This Tequila Lime Shrimp recipe is sponsored by Mrs. T’s Pierogies. All thoughts and opinions are my own. Thank you for supporting the brands that make this blog possible.
All year long I’ve been coming up with new recipes featuring pierogies as part of my ongoing partnership with Mrs T’s Pierogies. It’s a tough job, but someone’s got to do it (wink, wink). No seriously, it’s been delicious and fun!
I was a pierogy novice when this whole thing started and now count myself as a committed fan! To catch you up we’ve made:
- Spanish-Style Pork and Pierogy Stew
- Pierogy Skillet Enchiladas with Chicken
- Grilled Pierogy Mexican Street Corn
- Sheet Pan Chicken Fajitas with Pierogies and Avocado Pico de Gallo
And today, I bring you Tequila Lime Shrimp and Pierogies. A simple sauté of the under-an-hour variety that is the essence of sophisticated ease.
Tips for Making Tequila Lime Shrimp and Pierogies
This is the perfect starter recipe for someone who may be unfamiliar with pierogies. They really are so simple to make: Boil a pot of water (like you would for pasta), pour in the frozen pierogies, let them cook (they only take a few minutes), drain and stir them into the sauce!
While you wait for the water to boil, make the tequila lime shrimp. If you hate peeling and deveining shrimp like I do, buy shrimp already prepped. Next, sauté onions and garlic in olive oil, add fresh tomatoes if they are in season, if not a can of fire-roasted tomatoes add a nice smoky touch.
For the tequila, you don’t need to use your most expensive añejo, but make sure it’s at least made from 100% agave. I suggested reposado tequila in the recipe, but if blanco is all you have, that would be great too. Anyhoo, add your tequila, let simmer and add a little chili powder, lime zest, and fresh-squeezed lime juice.
Toss in the boiled pierogies. (I used Mrs T’s Sour Cream and Chive Pierogies for this recipe, but any of their other varieties would be good here. Finish with some creamy butter and fresh chopped chives. Divine!
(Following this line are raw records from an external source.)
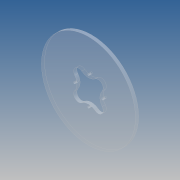
# Autodesk Inventor part: Plato T5
Saved by Autodesk Inventor 2017 (Build 210142000, 142)
## iProperties
Part Number: Plato T5
Material: Genérico
Document SubType Name: Modeling
Designer: Leo
Density: 1 g/cm^3
Appearance: Claro - Ligero
Author: Leo
Autodesk Inventor part; units mm, degrees
ref_plane "YZ Plane" through (0, 0, 0) normal (1, 0, 0) x (0, 1, 0)
ref_plane "XZ Plane" through (0, 0, 0) normal (0, 1, 0) x (-1, 0, 0)
ref_plane "XY Plane" through (0, 0, 0) normal (0, 0, 1) x (1, 0, 0)
sketch "Boceto1" plane through (0, 0, 0) normal (0, 1, 0) x (-1, 0, 0)
  circle A0 centre (0, 0) radius 15
  circle A1 centre (0, 0) radius 75
  arc A2 (-10.6675, 21.8887) -> (10.6675, 21.8887) centre (0, 35.706) ccw projected
  arc A3 (21.8887, 10.6675) -> (10.6675, 21.8887) centre (15.5563, 15.5563) ccw projected
  arc A4 (21.8887, 10.6675) -> (21.8887, -10.6675) centre (35.706, 0) ccw projected
  arc A5 (10.6675, -21.8887) -> (21.8887, -10.6675) centre (15.5563, -15.5563) ccw projected
  arc A6 (10.6675, -21.8887) -> (-10.6675, -21.8887) centre (0, -35.706) ccw projected
  arc A7 (-21.8887, -10.6675) -> (-10.6675, -21.8887) centre (-15.5563, -15.5563) ccw projected
  arc A8 (-21.8887, -10.6675) -> (-21.8887, 10.6675) centre (-35.706, 0) ccw projected
  arc A9 (-10.6675, 21.8887) -> (-21.8887, 10.6675) centre (-15.5563, 15.5563) ccw projected
  circle A10 centre (0, -22.5) radius 1.5 projected
  circle A11 centre (22.5, 0) radius 1.5 projected
  circle A12 centre (0, 22.5) radius 1.5 projected
  circle A13 centre (-22.5, 0) radius 1.5 projected
  circle A14 centre (0, 0) radius 15.25 projected
  dimension "d0" = 30
  dimension "d1" = 150
  constraints: 2 centre point, 2 coincident
  measures "d0" diameter of A0
  measures "d1" diameter of A1
extrude "Extrusión1" add sketch "Boceto1" along normal blind 5 contours A1

- 1 package Mrs. T’s Sour Cream and Chive Pierogies
- ¼ cup olive oil
- 1 sweet onion, diced
- 3 cloves garlic, minced
- 1 pound peeled and deveined medium-sized shrimp
- 2 large tomatoes, diced or 1 (14.5 ounce can diced fire-roasted tomatoes)
- ½ cup reposado tequila
- 1 teaspoon ancho chile powder
- 1 teaspoon lime zest
- ¼ cup fresh-squeezed lime juice
- 4 tablespoons unsalted butter
- ¼ cup chopped chives
Cook pierogies in boiling water according to package instructions.
Meanwhile, heat oil in a large frying pan over medium-high heat. Add onion and season generously with salt and black pepper. Cook, stirring occasionally, until just starting to brown, about 8 minutes.
Add garlic and cook 1 minute more. Add shrimp, season again with salt and pepper and cook another 2 minutes.
Add tomatoes, chili powder, tequila, and lime zest. Bring to a simmer and lower heat to medium. Cook, stirring occasionally, until tomatoes have cooked down and sauce has thickened slightly, about 5 minutes. Taste and add more salt if needed.
Add lime juice and butter and stir to combine. Add cooked pierogies and toss in the sauce until warmed through. Stir in chives and serve.